Former President Goodluck Jonathan Thursday asked the Nigerian media practitioners how they had fared with be usage of the Freedom of Information Act (FO1A), which was enacted 10 years ago.
The FOIA was enacted in 2011 to bequeath the media with the abiding freedom required to practice and an unfettered access to information in the public interest.
Speaking in Abuja shortly after he bagged the Blueprint newspaper’s Icon of Democracy in Africa award, Jonathan called on the media practitioners to use the act to fight fake news.
Represented by the former Minister of Works, Architect Mike Onolemenen, the former president also tasked them to promote patriotism and national pride in view of the current security challenges in the country.
“I recall that in May 2011, my administration enacted the Freedom of Information Act (FOIA) in order to bequeath the media with the abiding freedom required for this onerous duty, give the people unfettered access to information of public interest.
“The year 2021 makes it one decade since that landmark law was enacted.
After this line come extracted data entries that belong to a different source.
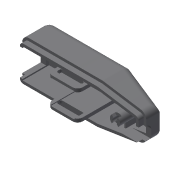
# Autodesk Inventor part: enctop
Saved by Autodesk Inventor 2022 Beta2 (Build 260130000, 130) ContinuousBuild 0
## iProperties
Shininess: 64.0
Length Units: 11269
Angle Units: 11279
Time Units: 11290
Mass Units: 11283
Length Display Precision: 3
Angle Display Precision: 2
Created: 2002-02-13
Part Number: enctop
Document SubType Name: Modeling
Designer: Administrator
Density: 1 g/cm^3
Material: Generic
Appearance: Light Gray
Density: 0.0
Volumn: 0.0
Area: 0.0
PropertySet Name: Model Information
Control State: 0
Master: False
Checked Out: False
Last Check In By: PMILLER
Last Check In Date: 2007-04-03
Author: Administrator
Autodesk Inventor part; units mm, degrees
sketch "Sketch1" plane through (0, 0, 0) normal (0, 0, 1) x (1, 0, 0)
  line L0 (8.2169, 11.6469) -> (8.2169, -7.4031)
  line L1 (8.2169, -7.4031) -> (46.3169, -7.4031)
  line L2 (46.3169, -7.4031) -> (66.9544, -4.2281)
  line L3 (66.9544, -4.2281) -> (66.9544, 8.4719)
  line L4 (66.9544, 8.4719) -> (46.3169, 11.6469)
  line L5 (46.3169, 11.6469) -> (8.2169, 11.6469)
  line L6 (66.9544, 2.1219) -> (8.2169, 2.1219) construction
  dimension "d0" = 19.05
  dimension "d1" = 38.1
  dimension "d2" = 58.7375
  dimension "d3" = 12.7
  constraints: 14 end point, 2 equal length, 2 midpoint, 2 parallel, 1 horizontal, 1 perpendicular, 1 vertical
  measures "d0" distance of L0.start L0.end
  measures "d1" distance of L4.end L0.start
  measures "d2" horizontal distance of L3.end L0.start
  measures "d3" distance of L2.end L3.end
extrude "Extrusion1" add sketch "Sketch1" along normal blind 12.7
sketch "Sketch2" plane through (8.2169, -7.4031, 0) normal (0, -1, 0) x (1, 0, 0)
  line L0 (38.1, 0) -> (38.1, 12.7) projected
  line L1 (38.1, 0) -> (58.7375, 0)
  line L2 (58.7375, 0) -> (58.7375, 6.35)
  line L3 (58.7375, 6.35) -> (38.1, 0)
  line L4 (58.7375, 12.7) -> (38.1, 12.7) projected
  line L5 (58.7375, 0) -> (58.7375, 12.7) projected
  dimension "d6" = 6.35
  constraints: 6 end point, 2 perpendicular, 1 collinear
  measures "d6" distance from line of L4 L2.end
extrude "Extrusion2" cut sketch "Sketch2" against normal through all contours L3 L2 L1
shell "Shell1" thickness 2.54 removed faces 1 at (20.9169, -1.0531, 12.7)
sketch "Sketch3" plane through (0, 0, 12.7) normal (0, 0, 1) x (1, 0, 0)
  line L0 (64.4144, 6.2927) -> (64.4144, -2.049) projected
  line L1 (64.4144, -2.049) -> (46.1226, -4.8631) projected
  line L2 (46.1226, -4.8631) -> (10.7569, -4.8631) projected
  line L3 (10.7569, -4.8631) -> (10.7569, 9.1069) projected
  line L4 (10.7569, 9.1069) -> (46.1226, 9.1069) projected
  line L5 (46.1226, 9.1069) -> (64.4144, 6.2927) projected
  line L6 (66.9544, -4.2281) -> (46.3169, -7.4031) projected
  line L7 (66.9544, 8.4719) -> (66.9544, -4.2281) projected
  line L8 (9.4869, 10.3769) -> (46.2197, 10.3769)
  line L9 (46.2197, 10.3769) -> (65.6844, 7.3823)
  line L10 (65.6844, 7.3823) -> (65.6844, -3.1386)
  line L11 (65.6844, -3.1386) -> (46.2197, -6.1331)
  line L12 (46.2197, -6.1331) -> (9.4869, -6.1331)
  line L13 (9.4869, -6.1331) -> (9.4869, 10.3769)
  dimension "d10" = 1.27
  dimension "d11" = 1.27
  dimension "d12" = 1.27
  dimension "d13" = 1.27
  dimension "d14" = 1.27
  constraints: 12 end point, 4 parallel, 3 perpendicular
  measures "d10" horizontal distance of L3.end L8.start
  measures "d11" horizontal distance of L2.end L12.end
  measures "d12" horizontal distance of L9.end L0.start
  measures "d13" distance between parallel lines of L9 L5
  measures "d14" distance from line of L0.end L11
extrude "Extrusion3" add sketch "Sketch3" along normal blind 2.3813
fillet "Fillet1" radius 3.175 11 edges at (8.2169, 11.6469, 6.35) (8.2169, -7.4031, 6.35) (8.2169, 2.1219, 0) (27.2669, -7.4031, 0) (46.3169, -7.4031, 6.35) (56.6356, -5.8156, 3.175) (66.9544, -4.2281, 9.525) (27.2669, 11.6469, 0) (46.3169, 11.6469, 6.35) (56.6356, 10.0594, 3.175) (66.9544, 8.4719, 9.525)
fillet "Fillet2" radius 1.5875 4 edges at (9.4869, 10.3769, 13.8906) (9.4869, -6.1331, 13.8906) (65.6844, 7.3823, 13.8906) (65.6844, -3.1386, 13.8906)
ref_plane "Work Plane1" through (23.4569, -4.8631, 2.54) normal (1, 0, 0) x (0, 0, -1)
sketch "Sketch4" plane through (66.9544, -1.5043, 12.7) normal (1, 0, 0) x (0, 0, -1)
  line L0 (6.35, 0.3448) -> (6.35, 6.9074) projected
  line L1 (0, 4.7994) -> (-2.3812, 4.7994)
  line L2 (-2.3812, 4.7994) -> (-2.3813, -1.5506)
  line L3 (-2.3813, -1.5506) -> (2.3812, -1.5506)
  line L4 (2.3812, -1.5506) -> (2.3812, 2.4182)
  arc A0 (2.3812, 2.4182) -> (0, 4.7994) centre (0, 2.4182) ccw
  line L5 (0, -3.1381) -> (4.005, -3.1381) projected
  line L6 (-2.3812, 7.5246) -> (-2.3812, -0.2724) projected
  dimension "d19" = 2.3813
  dimension "d20" = 6.35
  dimension "d21" = 4.7625
  dimension "d22" = 1.5875
  constraints: 8 end point, 2 perpendicular, 2 point on circle, 2 tangent, 1 centre point, 1 collinear, 1 parallel, 1 vertical
  measures "d19" radius of A0
  measures "d20" distance of L1.end L2.end
  measures "d21" distance of L2.end L3.end
  measures "d22" distance between parallel lines of L5 L3
extrude "Extrusion4" cut sketch "Sketch4" against normal up to surface (43.4975 mm away)
sketch "Sketch5" plane through (8.2169, -4.2281, 3.175) normal (-1, 0, 0) x (0, 0, 1)
  line L0 (0, 12.7) -> (9.525, 12.7) projected
  line L1 (0.7937, 12.7) -> (11.9062, 12.7)
  line L2 (11.9062, 12.7) -> (11.9062, 0)
  line L3 (11.9062, 0) -> (0.7937, 0)
  line L4 (0.7937, 0) -> (0.7937, 12.7)
  line L5 (11.9062, -0.3175) -> (11.9062, 13.0175) projected
  dimension "d26" = 11.1125
  constraints: 8 end point, 2 collinear, 2 parallel, 1 horizontal, 1 perpendicular
  measures "d26" distance of L2.end L3.end
extrude "Extrusion5" cut sketch "Sketch5" against normal up to surface (15.24 mm away)
ref_plane "Work Plane2" through (0, 0, 11.9062) normal (0, 0, 1) x (1, 0, 0)
sketch "Sketch6" plane through (0, 0, 11.9062) normal (0, 0, 1) x (1, 0, 0)
  line L0 (55.6831, 7.636) -> (55.6831, -3.3923)
  line L1 (56.4769, 7.5139) -> (56.4769, -3.2702)
  line L2 (64.4144, -2.049) -> (64.4144, 0.9139) projected
  line L3 (57.8767, -3.0548) -> (46.1226, -4.8631) projected
  line L4 (46.1226, 9.1069) -> (64.4144, 6.2927) projected
  line L5 (55.6831, -3.3923) -> (56.4769, -3.2702)
  line L6 (56.4769, 7.5139) -> (55.6831, 7.636)
  dimension "d31" = 0.7937
  dimension "d32" = 7.9375
  constraints: 8 end point, 2 collinear, 1 parallel, 1 vertical
  measures "d31" distance between parallel lines of L1 L0
  measures "d32" distance between parallel lines of L2 L1
extrude "Extrusion6" add sketch "Sketch6" against normal up to next
ref_plane "Work Plane3" through (0, 0, 16.6687) normal (0, 0, 1) x (1, 0, 0)
sketch "Sketch7" plane through (0, 0, 16.6687) normal (0, 0, 1) x (1, 0, 0)
  circle A0 centre (56.08, 2.1219) radius 2.3813
  circle A1 centre (56.08, 2.1219) radius 5.3897 construction
  circle A2 centre (56.08, 2.1219) radius 0.3969 construction
  line L0 (57.8767, -3.0548) -> (46.1226, -4.8631) projected
  line L1 (46.1226, 9.1069) -> (64.4144, 6.2927) projected
  line L2 (56.4769, -3.2702) -> (56.4769, 7.5139) projected
  line L3 (55.6831, 7.636) -> (55.6831, -3.3923) projected
  dimension "d36" = 4.7625
  constraints: 4 tangent, 3 centre point, 2 coincident
  measures "d36" diameter of A0
extrude "Extrusion7" add sketch "Sketch7" against normal up to surface contours A0 L2 | L2 A0 L3 | L3 A0 surface through (66.2074, -7.4031, 8.7777) normal (-0.2940858, 0, 0.955779)
sketch "Sketch8" plane through (56.08, 2.1219, 16.6687) normal (0, 0, 1) x (1, 0, 0)
  circle A0 centre (0, 0) radius 2.3813 projected
  circle A1 centre (0, 0) radius 1.27
  dimension "d39" = 2.54
  constraints: 1 centre point, 1 coincident
  measures "d39" diameter of A1
extrude "Extrusion8" cut sketch "Sketch8" against normal up to surface contours A1 surface through (66.2074, -7.4031, 8.7777) normal (-0.2940858, 0, 0.955779)
sketch "Sketch9" plane through (56.08, 2.1219, 16.6687) normal (0, 0, 1) x (1, 0, 0)
  circle A0 centre (0, 0) radius 2.3813 projected
  line L0 (0, 0) -> (1.9981, 2.3813)
  line L1 (1.9981, 2.3813) -> (-1.9981, 2.3813)
  line L2 (-1.9981, 2.3813) -> (0, 0)
  dimension "d42" = 80
  constraints: 6 end point, 1 equal length, 1 horizontal, 1 tangent
  measures "d42" angle of L2 L0
extrude "Extrusion9" cut sketch "Sketch9" against normal blind 1.5875 contours L0 L2 A0 | A0 L1 L0 | L2 L1 A0 picked at (0.1831, 1.5661)
pattern_circular "Circular Pattern1" count 2 over 360 about axis through (56.08, 2.1219, 16.6687) along (0, 0, -1) of "Extrusion9"
sketch "Sketch10" plane through (10.7569, -4.8631, 2.54) normal (0, 0, 1) x (1, 0, 0)
  line L0 (0, 13.97) -> (0, 0) projected
  line L1 (16.6688, 13.97) -> (30.9563, 13.97)
  line L2 (30.9563, 13.97) -> (30.9563, 12.3825)
  line L3 (16.6688, 12.3825) -> (16.6688, 13.97)
  line L4 (0, 13.97) -> (35.3658, 13.97) projected
  line L5 (16.6688, 12.3825) -> (18.2563, 12.3825)
  line L6 (18.2563, 12.7794) -> (29.3688, 12.7794)
  line L7 (29.3688, 12.7794) -> (29.3688, 12.3825)
  line L8 (29.3688, 12.3825) -> (30.9563, 12.3825)
  line L9 (18.2563, 12.7794) -> (18.2563, 12.3825)
  dimension "d48" = 1.5875
  dimension "d49" = 14.2875
  dimension "d50" = 16.6687
  dimension "d53" = 1.5875
  dimension "d54" = 0.3969
  constraints: 16 end point, 4 perpendicular, 3 collinear, 3 parallel, 1 horizontal
  measures "d48" distance of L3.start L1.start
  measures "d49" distance of L2.end L3.start
  measures "d50" distance from line of L1.start L0
  measures "d53" distance of L3.start L5.end
  measures "d54" distance of L5.end L6.start
extrude "Extrusion10" add sketch "Sketch10" along normal blind 17.4625
ref_plane "Work Plane4" through (56.08, 2.1219, 16.6687) normal (0, -1, 0) x (1, 0, 0)
fillet "Fillet3" radius 2.3813 2 edges at (27.4256, 8.3131, 20.0025) (41.7131, 8.3131, 20.0025)
sketch "Sketch11" plane through (29.0131, 7.9162, 2.54) normal (0, -1, 0) x (1, 0, 0)
  line L0 (10.3188, 17.4625) -> (0.7938, 17.4625) projected
  line L1 (0, 0) -> (0, 17.3263) projected
  line L2 (11.1125, 0) -> (11.1125, 17.3263) projected
  line L3 (0.7937, 14.9225) -> (10.3188, 14.9225)
  line L4 (11.1125, 14.1288) -> (11.1125, 13.335)
  line L5 (10.3188, 12.5413) -> (0.7937, 12.5413)
  line L6 (0, 13.335) -> (0, 14.1288)
  arc A0 (11.1125, 14.1288) -> (10.3188, 14.9225) centre (10.3188, 14.1288) ccw
  arc A1 (0.7937, 14.9225) -> (0, 14.1288) centre (0.7937, 14.1288) ccw
  arc A2 (0, 13.335) -> (0.7937, 12.5413) centre (0.7937, 13.335) ccw
  arc A3 (10.3188, 12.5413) -> (11.1125, 13.335) centre (10.3188, 13.335) ccw
  dimension "d58" = 0.7937
  dimension "d59" = 2.54
  dimension "d60" = 2.3813
  constraints: 8 end point, 8 point on circle, 8 tangent, 4 centre point, 3 equal radius, 2 collinear, 2 parallel, 1 horizontal, 1 perpendicular
  measures "d58" radius of A0
  measures "d59" distance between parallel lines of L3 L0
  measures "d60" distance between parallel lines of L5 L3
extrude "Extrusion11" cut sketch "Sketch11" against normal through all
mirror "Mirror1" about plane through (56.08, 2.1219, 16.6687) normal (0, -1, 0) of "Extrusion10", "Extrusion11", "Fillet3"
body "Solid1"
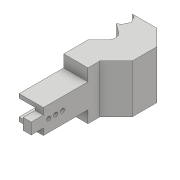
# Autodesk Inventor part: rec_c_16mm_x_60mm
Saved by Autodesk Inventor 2017 (Build 210142000, 142)
## iProperties
Created: 2018-04-21
Part Number: rec_c_16mm_x_60mm
Material: Generic
Document SubType Name: Modeling
Designer: Jeyy
Density: 1 g/cm^3
Appearance: Default
Author: Jeyy
Autodesk Inventor part; units mm, degrees
ref_plane "YZ Plane" through (0, 0, 0) normal (1, 0, 0) x (0, 1, 0)
ref_plane "XZ Plane" through (0, 0, 0) normal (0, 1, 0) x (-1, 0, 0)
sketch "Sketch1" plane through (0, 0, 0) normal (0, 0, 1) x (1, 0, 0)
  line L0 (0, 0) -> (25, 0)
  line L1 (25, 0) -> (25, 40)
  line L2 (25, 40) -> (0, 40)
  line L3 (0, 40) -> (0, 0)
  dimension "d1" = 25
  dimension "d2" = 40
  dimension "d3" = 25
  constraints: 8 end point, 2 perpendicular, 1 horizontal
  measures "d1" distance of L0.start L0.end
  measures "d2" distance of L0.end L1.end
  measures "d3" distance of L1.end L2.end
extrude "Extrusion1" add sketch "Sketch1" against normal blind 30
sketch "Sketch2" plane through (25, 0, 0) normal (1, 0, 0) x (0, 0, -1)
  line L0 (0, 0) -> (30, 0) projected
  circle A0 centre (15, 6.56) radius 2.46
  constraints: 1 centre point
extrude "Extrusion2" cut sketch "Sketch2" against normal blind 30
sketch "Sketch3" plane through (0, 0, 0) normal (-1, 0, 0) x (0, 0, 1)
  line L0 (0, 0) -> (-30, 0) projected
  line L1 (-25.05, 0) -> (-4.95, 0)
  line L2 (-4.95, 0) -> (-4.95, 33.12)
  line L3 (-4.95, 33.12) -> (-25.05, 33.12)
  line L4 (-25.05, 33.12) -> (-25.05, 0)
  dimension "d11" = 20.1
  constraints: 8 end point, 2 parallel, 1 perpendicular
  measures "d11" distance of L1.start L1.end
extrude "Extrusion3" cut sketch "Sketch3" against normal blind 20
sketch "Sketch4" plane through (0, 0, 0) normal (0, -1, 0) x (1, 0, 0)
  line L0 (20, -4.95) -> (20, -25.05) projected
  line L1 (20, -15) -> (25, -15)
  line L2 (25, 0) -> (25, -30) projected
  line L3 (20, -8.025) -> (25, -8.025)
  line L4 (25, -8.025) -> (25, -21.975)
  line L5 (25, -21.975) -> (20, -21.975)
  line L6 (20, -21.975) -> (20, -8.025)
  line L7 (20, -8.025) -> (25, -21.975) construction
  line L8 (25, -8.025) -> (20, -21.975) construction
  line L9 (25, -12.54) -> (25, -17.46) projected
  point P0 (0, 0)
  point P1 (22.5, -15)
  dimension "d14" = 13.95
  constraints: 14 end point, 5 midpoint, 2 parallel, 2 perpendicular
  measures "d14" distance of L3.end L4.end
extrude "Extrusion4" add sketch "Sketch4" along normal blind 15
sketch "Sketch5" plane through (20, 0, 0) normal (-1, 0, 0) x (0, 0, 1)
  circle A0 centre (-15, 6.56) radius 2.46 projected
  circle A1 centre (-15, 6.56) radius 4.7025
  circle A2 centre (-15, 6.56) radius 2.46 projected
  circle A3 centre (-15, 6.56) radius 2.46
  point P0 (0, 0)
  dimension "d17" = 9.405
  constraints: 2 centre point, 2 coincident
  measures "d17" diameter of A1
extrude "Extrusion5" cut sketch "Sketch5" against normal blind 2.1
sketch "Sketch6" plane through (25, 0, 0) normal (1, 0, 0) x (0, 0, -1)
  circle A0 centre (15, 6.56) radius 4.7025 projected
  line L0 (15, 6.56) -> (15, 23.56)
  circle A1 centre (15, 23.56) radius 2.46
  point P0 (0, 0)
  dimension "d20" = 17
  dimension "d21" = 4.92
  constraints: 2 end point, 1 centre point, 1 coincident, 1 vertical
  measures "d20" distance of L0.start L0.end
  measures "d21" diameter of A1
extrude "Extrusion6" cut sketch "Sketch6" against normal blind 10 contours A1
sketch "Sketch7" plane through (20, 0, 0) normal (-1, 0, 0) x (0, 0, 1)
  circle A0 centre (-15, 23.56) radius 2.46 projected
  circle A1 centre (-15, 23.56) radius 4.7025
  point P0 (0, 0)
  dimension "d24" = 9.405
  constraints: 1 centre point, 1 coincident
  measures "d24" diameter of A1
extrude "Extrusion7" cut sketch "Sketch7" against normal blind 2.1
sketch "Sketch9" plane through (25, 0, 0) normal (1, 0, 0) x (0, 0, -1)
  circle A0 centre (15, 6.56) radius 2.46 projected
  circle A1 centre (15, 6.56) radius 2.46
  circle A2 centre (15, 23.56) radius 2.46 projected
  circle A3 centre (15, 23.56) radius 2.46
  line L0 (30, 40) -> (30, 0) projected
  line L1 (30, 0) -> (30, 40)
  line L2 (30, 40) -> (0, 40)
  line L3 (0, 40) -> (0, 0)
  line L4 (0, 0) -> (8.025, 0) projected
  line L5 (21.975, 0) -> (21.975, -15)
  line L6 (21.975, -15) -> (8.025, -15)
  line L7 (8.025, -15) -> (8.025, 0)
  line L8 (0, 0) -> (8.025, 0)
  line L9 (21.975, 0) -> (30, 0)
  constraints: 16 end point, 4 parallel, 2 centre point, 2 coincident, 2 horizontal, 2 perpendicular
extrude "Extrusion8" add sketch "Sketch9" along normal blind 5
sketch "Sketch10" plane through (0, 40, 0) normal (0, 1, 0) x (1, 0, 0)
  line L0 (0, 30) -> (30, 30) projected
  line L1 (30, 0) -> (0, 0) projected
  line L2 (0, 30) -> (30, 30)
  line L3 (30, 30) -> (30, 0)
  line L4 (30, 0) -> (0, 0)
  line L5 (0, 0) -> (0, 30)
  constraints: 8 end point, 2 parallel, 1 horizontal, 1 perpendicular
extrude "Extrusion9" add sketch "Sketch10" along normal blind 30
sketch "Sketch12" plane through (30, 0, 0) normal (1, 0, 0) x (0, 0, -1)
  circle A0 centre (15, 6.56) radius 2.46 projected
  line L0 (15, 6.56) -> (15, 15.06)
  circle A1 centre (15, 15.06) radius 2.525
  point P0 (0, 0)
  dimension "d31" = 8.5
  dimension "d33" = 5.05
  constraints: 2 end point, 1 centre point, 1 coincident, 1 vertical
  measures "d31" distance of L0.start L0.end
  measures "d33" diameter of A1
extrude "Extrusion10" cut sketch "Sketch12" against normal blind 30 contours A1
sketch "Sketch15" plane through (0, 0, -25.05) normal (-1, 0, 0) x (0, 0, 1)
  line L0 (0, 33.12) -> (20.1, 33.12) projected
  line L1 (20.1, 33.12) -> (20.1, 0) projected
  line L2 (0, 33.12) -> (20.1, 33.12)
  line L3 (20.1, 33.12) -> (20.1, 31.1)
  line L4 (20.1, 31.1) -> (0, 31.1)
  line L5 (0, 31.1) -> (0, 33.12)
  point P0 (25.05, 0)
  dimension "d57" = 2.02
  constraints: 8 end point, 2 parallel, 1 horizontal, 1 perpendicular, 1 point on line
  measures "d57" distance of L2.end L3.end
extrude "Extrusion13" add sketch "Sketch15" against normal blind 20
sketch "Sketch17" plane through (0, 0, 0) normal (0, 0, 1) x (1, 0, 0)
  line L0 (0, 70) -> (30, 70) projected
  line L1 (30, 70) -> (50.0622, 90.0622)
  line L2 (30, 70) -> (80, 70) construction
  line L3 (11.9522, 97.2454) -> (0, 85.2932)
  line L4 (0, 70) -> (0, 85.2932)
  line L5 (0, 70) -> (0, 0) projected
  line L6 (0, 70) -> (30, 70)
  line L7 (10.923, 112.2849) -> (0, 120.567)
  line L8 (50.0622, 105.3553) -> (50.0622, 120.567)
  line L9 (50.0622, 105.3553) -> (50.0622, 90.0622)
  arc A0 (11.9522, 97.2454) -> (10.923, 112.2849) centre (4.8811, 104.3165) ccw
  line L10 (4, 138.567) -> (0, 140.567)
  line L11 (4, 122.567) -> (0, 120.567)
  line L12 (4, 122.567) -> (8, 130.567)
  line L13 (4, 138.567) -> (8, 130.567)
  line L14 (0, 140.567) -> (30, 140.567)
  line L15 (30, 140.567) -> (50.0622, 120.567)
  dimension "d61" = 45
  dimension "d62" = 32.0271
  dimension "d72" = 10
  constraints: 28 end point, 3 vertical, 2 point on circle, 2 tangent, 1 centre point, 1 collinear, 1 horizontal, 1 perpendicular
  measures "d61" angle of L2 L1
  measures "d62" distance between parallel lines of L1 L3
  measures "d72" radius of A0
extrude "Extrusion14" add sketch "Sketch17" against normal blind 30
sketch "Sketch21" plane through (0, 0, 0) normal (0, 0, 1) x (1, 0, 0)
  line L0 (50.0622, 90.0622) -> (30, 70) projected
  line L1 (30, 70) -> (50.0622, 90.0622)
  line L2 (50.0622, 90.0622) -> (50.0622, 120.567) projected
  line L3 (50.0622, 90.0622) -> (50.0622, 120.567)
  line L4 (0, 140.567) -> (30, 140.567) projected
  line L5 (50.0622, 120.567) -> (30, 140.567)
  line L6 (30, 140.567) -> (0, 140.567)
  line L7 (4, 138.567) -> (0, 140.567) projected
  line L8 (0, 140.567) -> (4, 138.567)
  line L9 (8, 130.567) -> (4, 138.567) projected
  line L10 (4, 138.567) -> (8, 130.567)
  line L11 (4, 122.567) -> (8, 130.567) projected
  line L12 (8, 130.567) -> (4, 122.567)
  line L13 (0, 120.567) -> (4, 122.567) projected
  line L14 (4, 122.567) -> (0, 120.567)
  line L15 (10.923, 112.2849) -> (0, 120.567) projected
  line L16 (0, 120.567) -> (10.923, 112.2849)
  line L17 (0, 85.2932) -> (11.9522, 97.2454) projected
  line L18 (11.9522, 97.2454) -> (0, 85.2932)
  line L19 (0, 85.2932) -> (0, 55.2932)
  line L20 (0, 55.2932) -> (30, 55.2932)
  line L21 (30, 55.2932) -> (30, 70)
  arc A0 (11.9522, 97.2454) -> (10.923, 112.2849) centre (4.8811, 104.3165) ccw
  dimension "d79" = 30
  dimension "d81" = 30
  constraints: 26 end point, 8 collinear, 2 point on circle, 1 centre point, 1 horizontal, 1 perpendicular, 1 tangent
  measures "d79" distance of L17.start L19.end
  measures "d81" distance of L19.end L20.end
extrude "Extrusion15" add sketch "Sketch21" along normal blind 15
ref_plane "Work Plane1" through (0, 0, -15) normal (0, 0, 1) x (1, 0, 0)
mirror "Mirror1" about plane through (0, 0, -15) normal (0, 0, 1) of "Extrusion15"
body "Solid1"

It will be interesting to see how far that piece of legislation has impacted on general reporting, development of journalism and national leadership.
“The media should therefore guide the crusade to checkmate the spread of false information which obviously does more harm than good in the society.
“On this score, I believe mainstream media has even greater responsibilities now, especially at this time of worsening insecurity and ethnic tension, to promote patriotism and national pride.
“The media should be deliberate, constructive and exercise the kind of restraint that should promote unity, peace and sustainable development,” he said.